Operations
The ALCF’s HPC systems administrators manage and support all ALCF computing systems, ensuring users have stable, secure, and highly available resources to pursue their scientific goals. This includes the ALCF’s production supercomputers, AI accelerators, supporting system environments, storage systems, and network infrastructure. The team’s software developers create tools to support the ALCF computing environment, including software for user account and project management, job failure analysis, and job scheduling. User support specialists provide technical assistance to ALCF users and manage the workflows for user accounts and projects. In the business intelligence space, staff data architects assimilate and verify ALCF data to ensure accurate reporting of facility information.
Science
Computational scientists with multidisciplinary domain expertise work directly with ALCF users to maximize and accelerate their research efforts. In addition, the ALCF team applies broad expertise in data science, machine learning, data visualization and analysis, and mathematics to help application teams leverage ALCF resources to pursue data-driven discoveries.
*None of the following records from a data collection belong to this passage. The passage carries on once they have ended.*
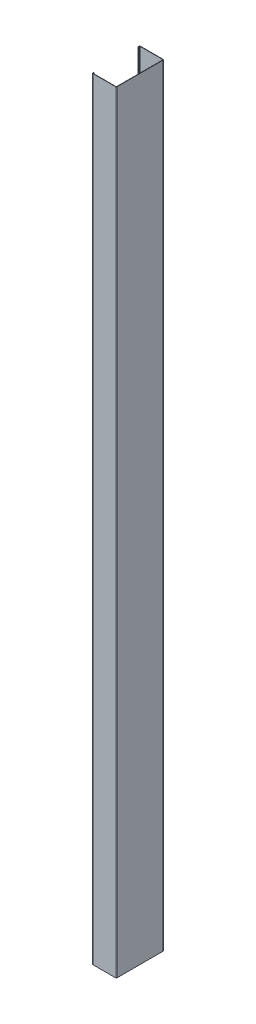
ISO-10303-21;
HEADER;
FILE_DESCRIPTION(('STEP AP214'),'2;1');
FILE_NAME('part.step','',(''),(''),'','','');
FILE_SCHEMA(('AUTOMOTIVE_DESIGN { 1 0 10303 214 1 1 1 1 }'));
ENDSEC;
DATA;
#1=APPLICATION_CONTEXT('core data for automotive mechanical design processes');
#2=APPLICATION_PROTOCOL_DEFINITION('international standard','automotive_design',2000,#1);
#3=PRODUCT_CONTEXT('',#1,'mechanical');
#4=PRODUCT('Part','Part','',(#3));
#5=PRODUCT_RELATED_PRODUCT_CATEGORY('part','',(#4));
#6=PRODUCT_DEFINITION_FORMATION('','',#4);
#7=PRODUCT_DEFINITION_CONTEXT('part definition',#1,'design');
#8=PRODUCT_DEFINITION('design','',#6,#7);
#9=PRODUCT_DEFINITION_SHAPE('','',#8);
#10=(LENGTH_UNIT() NAMED_UNIT(*) SI_UNIT(.MILLI.,.METRE.));
#11=(NAMED_UNIT(*) PLANE_ANGLE_UNIT() SI_UNIT($,.RADIAN.));
#12=(NAMED_UNIT(*) SI_UNIT($,.STERADIAN.) SOLID_ANGLE_UNIT());
#13=UNCERTAINTY_MEASURE_WITH_UNIT(LENGTH_MEASURE(1.E-05),#10,'distance_accuracy_value','');
#14=(GEOMETRIC_REPRESENTATION_CONTEXT(3) GLOBAL_UNCERTAINTY_ASSIGNED_CONTEXT((#13)) GLOBAL_UNIT_ASSIGNED_CONTEXT((#10,
#11,#12)) REPRESENTATION_CONTEXT('',''));
#15=CARTESIAN_POINT('',(0.,0.,0.));
#16=DIRECTION('',(0.,0.,1.));
#17=DIRECTION('',(1.,0.,0.));
#18=AXIS2_PLACEMENT_3D('',#15,#16,#17);
#19=CARTESIAN_POINT('',(-50.,1600.,47.75));
#20=DIRECTION('',(0.,1.,0.));
#21=DIRECTION('',(0.,0.,1.));
#22=AXIS2_PLACEMENT_3D('',#19,#20,#21);
#23=PLANE('',#22);
#24=DIRECTION('',(1.,0.,0.));
#25=VECTOR('',#24,1.);
#26=CARTESIAN_POINT('',(-50.,1600.,47.75));
#27=LINE('',#26,#25);
#28=CARTESIAN_POINT('',(-50.,1600.,47.75));
#29=VERTEX_POINT('',#28);
#30=CARTESIAN_POINT('',(-49.25,1600.,47.75));
#31=VERTEX_POINT('',#30);
#32=EDGE_CURVE('E11',#29,#31,#27,.T.);
#33=ORIENTED_EDGE('',*,*,#32,.F.);
#34=CARTESIAN_POINT('',(-48.5,1600.,47.75));
#35=DIRECTION('',(0.,-1.,0.));
#36=DIRECTION('',(0.,0.,-1.));
#37=AXIS2_PLACEMENT_3D('',#34,#35,#36);
#38=CIRCLE('',#37,1.5);
#39=CARTESIAN_POINT('',(-48.5,1600.,49.25));
#40=VERTEX_POINT('',#39);
#41=EDGE_CURVE('E363',#29,#40,#38,.F.);
#42=ORIENTED_EDGE('',*,*,#41,.T.);
#43=DIRECTION('',(0.,0.,1.));
#44=VECTOR('',#43,1.);
#45=CARTESIAN_POINT('',(-48.5,1600.,48.5));
#46=LINE('',#45,#44);
#47=CARTESIAN_POINT('',(-48.5,1600.,48.5));
#48=VERTEX_POINT('',#47);
#49=EDGE_CURVE('E46',#48,#40,#46,.T.);
#50=ORIENTED_EDGE('',*,*,#49,.F.);
#51=CARTESIAN_POINT('',(-48.5,1600.,47.75));
#52=DIRECTION('',(0.,1.,0.));
#53=DIRECTION('',(1.,0.,0.));
#54=AXIS2_PLACEMENT_3D('',#51,#52,#53);
#55=CIRCLE('',#54,0.75);
#56=EDGE_CURVE('E438',#31,#48,#55,.T.);
#57=ORIENTED_EDGE('',*,*,#56,.F.);
#58=EDGE_LOOP('',(#33,#42,#50,#57));
#59=FACE_BOUND('',#58,.T.);
#60=ADVANCED_FACE('F38',(#59),#23,.T.);
#61=CARTESIAN_POINT('',(-48.5,1600.,48.5));
#62=DIRECTION('',(0.,1.,0.));
#63=DIRECTION('',(0.,0.,1.));
#64=AXIS2_PLACEMENT_3D('',#61,#62,#63);
#65=PLANE('',#64);
#66=DIRECTION('',(0.,0.,1.));
#67=VECTOR('',#66,1.);
#68=CARTESIAN_POINT('',(-50.,1600.,49.25));
#69=LINE('',#68,#67);
#70=CARTESIAN_POINT('',(-50.,1600.,46.25));
#71=VERTEX_POINT('',#70);
#72=EDGE_CURVE('E367',#71,#29,#69,.T.);
#73=ORIENTED_EDGE('',*,*,#72,.T.);
#74=ORIENTED_EDGE('',*,*,#32,.T.);
#75=DIRECTION('',(0.,0.,-1.));
#76=VECTOR('',#75,1.);
#77=CARTESIAN_POINT('',(-49.25,1600.,49.25));
#78=LINE('',#77,#76);
#79=CARTESIAN_POINT('',(-49.25,1600.,46.25));
#80=VERTEX_POINT('',#79);
#81=EDGE_CURVE('E440',#80,#31,#78,.F.);
#82=ORIENTED_EDGE('',*,*,#81,.F.);
#83=DIRECTION('',(1.,0.,0.));
#84=VECTOR('',#83,1.);
#85=CARTESIAN_POINT('',(-50.,1600.,46.25));
#86=LINE('',#85,#84);
#87=EDGE_CURVE('E443',#71,#80,#86,.T.);
#88=ORIENTED_EDGE('',*,*,#87,.F.);
#89=EDGE_LOOP('',(#73,#74,#82,#88));
#90=FACE_BOUND('',#89,.T.);
#91=ADVANCED_FACE('F449',(#90),#65,.T.);
#92=CARTESIAN_POINT('',(-48.5,0.,49.25));
#93=DIRECTION('',(0.,-1.,0.));
#94=DIRECTION('',(0.,0.,-1.));
#95=AXIS2_PLACEMENT_3D('',#92,#93,#94);
#96=PLANE('',#95);
#97=DIRECTION('',(0.,0.,-1.));
#98=VECTOR('',#97,1.);
#99=CARTESIAN_POINT('',(-48.5,0.,49.25));
#100=LINE('',#99,#98);
#101=CARTESIAN_POINT('',(-48.5,0.,49.25));
#102=VERTEX_POINT('',#101);
#103=CARTESIAN_POINT('',(-48.5,0.,48.5));
#104=VERTEX_POINT('',#103);
#105=EDGE_CURVE('E347',#102,#104,#100,.T.);
#106=ORIENTED_EDGE('',*,*,#105,.F.);
#107=CARTESIAN_POINT('',(-48.5,0.,47.75));
#108=DIRECTION('',(0.,-1.,0.));
#109=DIRECTION('',(0.,0.,-1.));
#110=AXIS2_PLACEMENT_3D('',#107,#108,#109);
#111=CIRCLE('',#110,1.5);
#112=CARTESIAN_POINT('',(-50.,0.,47.75));
#113=VERTEX_POINT('',#112);
#114=EDGE_CURVE('E263',#113,#102,#111,.F.);
#115=ORIENTED_EDGE('',*,*,#114,.F.);
#116=DIRECTION('',(-1.,0.,0.));
#117=VECTOR('',#116,1.);
#118=CARTESIAN_POINT('',(-49.25,0.,47.75));
#119=LINE('',#118,#117);
#120=CARTESIAN_POINT('',(-49.25,0.,47.75));
#121=VERTEX_POINT('',#120);
#122=EDGE_CURVE('E345',#121,#113,#119,.T.);
#123=ORIENTED_EDGE('',*,*,#122,.F.);
#124=CARTESIAN_POINT('',(-48.5,0.,47.75));
#125=DIRECTION('',(0.,1.,0.));
#126=DIRECTION('',(1.,0.,0.));
#127=AXIS2_PLACEMENT_3D('',#124,#125,#126);
#128=CIRCLE('',#127,0.75);
#129=EDGE_CURVE('E251',#121,#104,#128,.T.);
#130=ORIENTED_EDGE('',*,*,#129,.T.);
#131=EDGE_LOOP('',(#106,#115,#123,#130));
#132=FACE_BOUND('',#131,.T.);
#133=ADVANCED_FACE('F456',(#132),#96,.T.);
#134=CARTESIAN_POINT('',(-49.25,0.,47.75));
#135=DIRECTION('',(0.,-1.,0.));
#136=DIRECTION('',(0.,0.,-1.));
#137=AXIS2_PLACEMENT_3D('',#134,#135,#136);
#138=PLANE('',#137);
#139=DIRECTION('',(1.,0.,0.));
#140=VECTOR('',#139,1.);
#141=CARTESIAN_POINT('',(0.,0.,49.25));
#142=LINE('',#141,#140);
#143=CARTESIAN_POINT('',(-1.49999999999998,0.,49.25));
#144=VERTEX_POINT('',#143);
#145=EDGE_CURVE('E266',#102,#144,#142,.T.);
#146=ORIENTED_EDGE('',*,*,#145,.F.);
#147=ORIENTED_EDGE('',*,*,#105,.T.);
#148=DIRECTION('',(1.,0.,0.));
#149=VECTOR('',#148,1.);
#150=CARTESIAN_POINT('',(0.,0.,48.5));
#151=LINE('',#150,#149);
#152=CARTESIAN_POINT('',(-1.49999999999998,0.,48.5));
#153=VERTEX_POINT('',#152);
#154=EDGE_CURVE('E248',#104,#153,#151,.T.);
#155=ORIENTED_EDGE('',*,*,#154,.T.);
#156=DIRECTION('',(0.,0.,1.));
#157=VECTOR('',#156,1.);
#158=CARTESIAN_POINT('',(-1.49999999999998,0.,48.5));
#159=LINE('',#158,#157);
#160=EDGE_CURVE('E337',#153,#144,#159,.T.);
#161=ORIENTED_EDGE('',*,*,#160,.T.);
#162=EDGE_LOOP('',(#146,#147,#155,#161));
#163=FACE_BOUND('',#162,.T.);
#164=ADVANCED_FACE('F459',(#163),#138,.T.);
#165=CARTESIAN_POINT('',(-1.49999999999998,1600.,49.25));
#166=DIRECTION('',(0.,1.,0.));
#167=DIRECTION('',(0.,0.,1.));
#168=AXIS2_PLACEMENT_3D('',#165,#166,#167);
#169=PLANE('',#168);
#170=DIRECTION('',(0.,0.,-1.));
#171=VECTOR('',#170,1.);
#172=CARTESIAN_POINT('',(-1.49999999999998,1600.,49.25));
#173=LINE('',#172,#171);
#174=CARTESIAN_POINT('',(-1.49999999999998,1600.,49.25));
#175=VERTEX_POINT('',#174);
#176=CARTESIAN_POINT('',(-1.49999999999998,1600.,48.5));
#177=VERTEX_POINT('',#176);
#178=EDGE_CURVE('E343',#175,#177,#173,.T.);
#179=ORIENTED_EDGE('',*,*,#178,.F.);
#180=CARTESIAN_POINT('',(-1.49999999999998,1600.,47.75));
#181=DIRECTION('',(0.,-1.,0.));
#182=DIRECTION('',(0.,0.,-1.));
#183=AXIS2_PLACEMENT_3D('',#180,#181,#182);
#184=CIRCLE('',#183,1.5);
#185=CARTESIAN_POINT('',(0.,1600.,47.75));
#186=VERTEX_POINT('',#185);
#187=EDGE_CURVE('E375',#175,#186,#184,.F.);
#188=ORIENTED_EDGE('',*,*,#187,.T.);
#189=DIRECTION('',(1.,0.,0.));
#190=VECTOR('',#189,1.);
#191=CARTESIAN_POINT('',(-0.749999999999984,1600.,47.75));
#192=LINE('',#191,#190);
#193=CARTESIAN_POINT('',(-0.749999999999984,1600.,47.75));
#194=VERTEX_POINT('',#193);
#195=EDGE_CURVE('E341',#194,#186,#192,.T.);
#196=ORIENTED_EDGE('',*,*,#195,.F.);
#197=CARTESIAN_POINT('',(-1.49999999999998,1600.,47.75));
#198=DIRECTION('',(0.,1.,0.));
#199=DIRECTION('',(1.,0.,0.));
#200=AXIS2_PLACEMENT_3D('',#197,#198,#199);
#201=CIRCLE('',#200,0.75);
#202=EDGE_CURVE('E434',#177,#194,#201,.T.);
#203=ORIENTED_EDGE('',*,*,#202,.F.);
#204=EDGE_LOOP('',(#179,#188,#196,#203));
#205=FACE_BOUND('',#204,.T.);
#206=ADVANCED_FACE('F479',(#205),#169,.T.);
#207=CARTESIAN_POINT('',(-0.749999999999984,1600.,47.75));
#208=DIRECTION('',(0.,1.,0.));
#209=DIRECTION('',(0.,0.,1.));
#210=AXIS2_PLACEMENT_3D('',#207,#208,#209);
#211=PLANE('',#210);
#212=DIRECTION('',(1.,0.,0.));
#213=VECTOR('',#212,1.);
#214=CARTESIAN_POINT('',(0.,1600.,49.25));
#215=LINE('',#214,#213);
#216=EDGE_CURVE('E354',#40,#175,#215,.T.);
#217=ORIENTED_EDGE('',*,*,#216,.T.);
#218=ORIENTED_EDGE('',*,*,#178,.T.);
#219=DIRECTION('',(1.,0.,0.));
#220=VECTOR('',#219,1.);
#221=CARTESIAN_POINT('',(0.,1600.,48.5));
#222=LINE('',#221,#220);
#223=EDGE_CURVE('E357',#48,#177,#222,.T.);
#224=ORIENTED_EDGE('',*,*,#223,.F.);
#225=ORIENTED_EDGE('',*,*,#49,.T.);
#226=EDGE_LOOP('',(#217,#218,#224,#225));
#227=FACE_BOUND('',#226,.T.);
#228=ADVANCED_FACE('F352',(#227),#211,.T.);
#229=CARTESIAN_POINT('',(0.,0.,47.75));
#230=DIRECTION('',(0.,-1.,0.));
#231=DIRECTION('',(0.,0.,-1.));
#232=AXIS2_PLACEMENT_3D('',#229,#230,#231);
#233=PLANE('',#232);
#234=DIRECTION('',(-1.,0.,0.));
#235=VECTOR('',#234,1.);
#236=CARTESIAN_POINT('',(0.,0.,47.75));
#237=LINE('',#236,#235);
#238=CARTESIAN_POINT('',(0.,0.,47.75));
#239=VERTEX_POINT('',#238);
#240=CARTESIAN_POINT('',(-0.749999999999984,0.,47.75));
#241=VERTEX_POINT('',#240);
#242=EDGE_CURVE('E339',#239,#241,#237,.T.);
#243=ORIENTED_EDGE('',*,*,#242,.F.);
#244=CARTESIAN_POINT('',(-1.49999999999998,0.,47.75));
#245=DIRECTION('',(0.,-1.,0.));
#246=DIRECTION('',(0.,0.,-1.));
#247=AXIS2_PLACEMENT_3D('',#244,#245,#246);
#248=CIRCLE('',#247,1.5);
#249=EDGE_CURVE('E269',#144,#239,#248,.F.);
#250=ORIENTED_EDGE('',*,*,#249,.F.);
#251=ORIENTED_EDGE('',*,*,#160,.F.);
#252=CARTESIAN_POINT('',(-1.49999999999998,0.,47.75));
#253=DIRECTION('',(0.,1.,0.));
#254=DIRECTION('',(1.,0.,0.));
#255=AXIS2_PLACEMENT_3D('',#252,#253,#254);
#256=CIRCLE('',#255,0.75);
#257=EDGE_CURVE('E245',#153,#241,#256,.T.);
#258=ORIENTED_EDGE('',*,*,#257,.T.);
#259=EDGE_LOOP('',(#243,#250,#251,#258));
#260=FACE_BOUND('',#259,.T.);
#261=ADVANCED_FACE('F473',(#260),#233,.T.);
#262=CARTESIAN_POINT('',(-1.49999999999998,0.,48.5));
#263=DIRECTION('',(0.,-1.,0.));
#264=DIRECTION('',(0.,0.,-1.));
#265=AXIS2_PLACEMENT_3D('',#262,#263,#264);
#266=PLANE('',#265);
#267=DIRECTION('',(0.,0.,-1.));
#268=VECTOR('',#267,1.);
#269=CARTESIAN_POINT('',(0.,0.,-49.25));
#270=LINE('',#269,#268);
#271=CARTESIAN_POINT('',(0.,0.,-47.75));
#272=VERTEX_POINT('',#271);
#273=EDGE_CURVE('E272',#239,#272,#270,.T.);
#274=ORIENTED_EDGE('',*,*,#273,.F.);
#275=ORIENTED_EDGE('',*,*,#242,.T.);
#276=DIRECTION('',(0.,0.,-1.));
#277=VECTOR('',#276,1.);
#278=CARTESIAN_POINT('',(-0.750000000000038,0.,-49.25));
#279=LINE('',#278,#277);
#280=CARTESIAN_POINT('',(-0.750000000000037,0.,-47.75));
#281=VERTEX_POINT('',#280);
#282=EDGE_CURVE('E242',#241,#281,#279,.T.);
#283=ORIENTED_EDGE('',*,*,#282,.T.);
#284=DIRECTION('',(1.,0.,0.));
#285=VECTOR('',#284,1.);
#286=CARTESIAN_POINT('',(-0.750000000000037,0.,-47.75));
#287=LINE('',#286,#285);
#288=EDGE_CURVE('E333',#281,#272,#287,.T.);
#289=ORIENTED_EDGE('',*,*,#288,.T.);
#290=EDGE_LOOP('',(#274,#275,#283,#289));
#291=FACE_BOUND('',#290,.T.);
#292=ADVANCED_FACE('F483',(#291),#266,.T.);
#293=CARTESIAN_POINT('',(0.,1600.,-47.75));
#294=DIRECTION('',(0.,1.,0.));
#295=DIRECTION('',(0.,0.,1.));
#296=AXIS2_PLACEMENT_3D('',#293,#294,#295);
#297=PLANE('',#296);
#298=DIRECTION('',(-1.,0.,0.));
#299=VECTOR('',#298,1.);
#300=CARTESIAN_POINT('',(0.,1600.,-47.75));
#301=LINE('',#300,#299);
#302=CARTESIAN_POINT('',(0.,1600.,-47.75));
#303=VERTEX_POINT('',#302);
#304=CARTESIAN_POINT('',(-0.750000000000037,1600.,-47.75));
#305=VERTEX_POINT('',#304);
#306=EDGE_CURVE('E195',#303,#305,#301,.T.);
#307=ORIENTED_EDGE('',*,*,#306,.F.);
#308=CARTESIAN_POINT('',(-1.50000000000004,1600.,-47.75));
#309=DIRECTION('',(0.,-1.,0.));
#310=DIRECTION('',(0.,0.,-1.));
#311=AXIS2_PLACEMENT_3D('',#308,#309,#310);
#312=CIRCLE('',#311,1.5);
#313=CARTESIAN_POINT('',(-1.50000000000004,1600.,-49.25));
#314=VERTEX_POINT('',#313);
#315=EDGE_CURVE('E199',#303,#314,#312,.F.);
#316=ORIENTED_EDGE('',*,*,#315,.T.);
#317=DIRECTION('',(0.,0.,-1.));
#318=VECTOR('',#317,1.);
#319=CARTESIAN_POINT('',(-1.50000000000004,1600.,-48.5));
#320=LINE('',#319,#318);
#321=CARTESIAN_POINT('',(-1.50000000000004,1600.,-48.5));
#322=VERTEX_POINT('',#321);
#323=EDGE_CURVE('E183',#322,#314,#320,.T.);
#324=ORIENTED_EDGE('',*,*,#323,.F.);
#325=CARTESIAN_POINT('',(-1.50000000000004,1600.,-47.75));
#326=DIRECTION('',(0.,1.,0.));
#327=DIRECTION('',(1.,0.,0.));
#328=AXIS2_PLACEMENT_3D('',#325,#326,#327);
#329=CIRCLE('',#328,0.75);
#330=EDGE_CURVE('E396',#305,#322,#329,.T.);
#331=ORIENTED_EDGE('',*,*,#330,.F.);
#332=EDGE_LOOP('',(#307,#316,#324,#331));
#333=FACE_BOUND('',#332,.T.);
#334=ADVANCED_FACE('F201',(#333),#297,.T.);
#335=CARTESIAN_POINT('',(-1.50000000000004,1600.,-48.5));
#336=DIRECTION('',(0.,1.,0.));
#337=DIRECTION('',(0.,0.,1.));
#338=AXIS2_PLACEMENT_3D('',#335,#336,#337);
#339=PLANE('',#338);
#340=DIRECTION('',(0.,0.,-1.));
#341=VECTOR('',#340,1.);
#342=CARTESIAN_POINT('',(0.,1600.,-49.25));
#343=LINE('',#342,#341);
#344=EDGE_CURVE('E205',#186,#303,#343,.T.);
#345=ORIENTED_EDGE('',*,*,#344,.T.);
#346=ORIENTED_EDGE('',*,*,#306,.T.);
#347=DIRECTION('',(0.,0.,-1.));
#348=VECTOR('',#347,1.);
#349=CARTESIAN_POINT('',(-0.750000000000038,1600.,-49.25));
#350=LINE('',#349,#348);
#351=EDGE_CURVE('E431',#194,#305,#350,.T.);
#352=ORIENTED_EDGE('',*,*,#351,.F.);
#353=ORIENTED_EDGE('',*,*,#195,.T.);
#354=EDGE_LOOP('',(#345,#346,#352,#353));
#355=FACE_BOUND('',#354,.T.);
#356=ADVANCED_FACE('F383',(#355),#339,.T.);
#357=CARTESIAN_POINT('',(-1.50000000000004,0.,-49.25));
#358=DIRECTION('',(0.,-1.,0.));
#359=DIRECTION('',(0.,0.,-1.));
#360=AXIS2_PLACEMENT_3D('',#357,#358,#359);
#361=PLANE('',#360);
#362=DIRECTION('',(0.,0.,1.));
#363=VECTOR('',#362,1.);
#364=CARTESIAN_POINT('',(-1.50000000000004,0.,-49.25));
#365=LINE('',#364,#363);
#366=CARTESIAN_POINT('',(-1.50000000000004,0.,-49.25));
#367=VERTEX_POINT('',#366);
#368=CARTESIAN_POINT('',(-1.50000000000004,0.,-48.5));
#369=VERTEX_POINT('',#368);
#370=EDGE_CURVE('E196',#367,#369,#365,.T.);
#371=ORIENTED_EDGE('',*,*,#370,.F.);
#372=CARTESIAN_POINT('',(-1.50000000000004,0.,-47.75));
#373=DIRECTION('',(0.,-1.,0.));
#374=DIRECTION('',(0.,0.,-1.));
#375=AXIS2_PLACEMENT_3D('',#372,#373,#374);
#376=CIRCLE('',#375,1.5);
#377=EDGE_CURVE('E212',#272,#367,#376,.F.);
#378=ORIENTED_EDGE('',*,*,#377,.F.);
#379=ORIENTED_EDGE('',*,*,#288,.F.);
#380=CARTESIAN_POINT('',(-1.50000000000004,0.,-47.75));
#381=DIRECTION('',(0.,1.,0.));
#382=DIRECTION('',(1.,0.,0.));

With a deep knowledge of the ALCF computing environment and experience with a wide range of numerical methods, programming models, and computational approaches, staff scientists and performance engineers help researchers optimize the performance and productivity of simulation, data, and learning applications on ALCF systems.
Technology
The ALCF team plays a key role in designing and validating the facility’s next-generation supercomputers. By collaborating with compute vendors and the performance tools community, staff members ensure the requisite programming models, tools, debuggers, and libraries are available on ALCF platforms. The team also helps manage Argonne’s Joint Laboratory for System Evaluation, which houses next-generation testbeds that enable researchers to explore and prepare for emerging computing technologies. ALCF computer scientists, performance engineers, and software engineers develop and optimize new tools and capabilities to facilitate science on the facility’s current and future computing resources. This includes the deployment of scalable machine learning frameworks, in-situ visualization and analysis capabilities, data management services, workflow packages, and container technologies. In addition, the ALCF team is actively involved in programming language standardization efforts and contributes to cross-platform libraries to further enable the portability of HPC applications.
Outreach
ALCF staff members organize and participate in training events that prepare researchers for efficient use of leadership computing systems. They also participate in a wide variety of educational activities aimed at cultivating a diverse and skilled HPC community and workforce in the future. In addition, staff outreach efforts include facilitating partnerships with industry and academia, and communicating the impactful research enabled by ALCF resources to external audiences.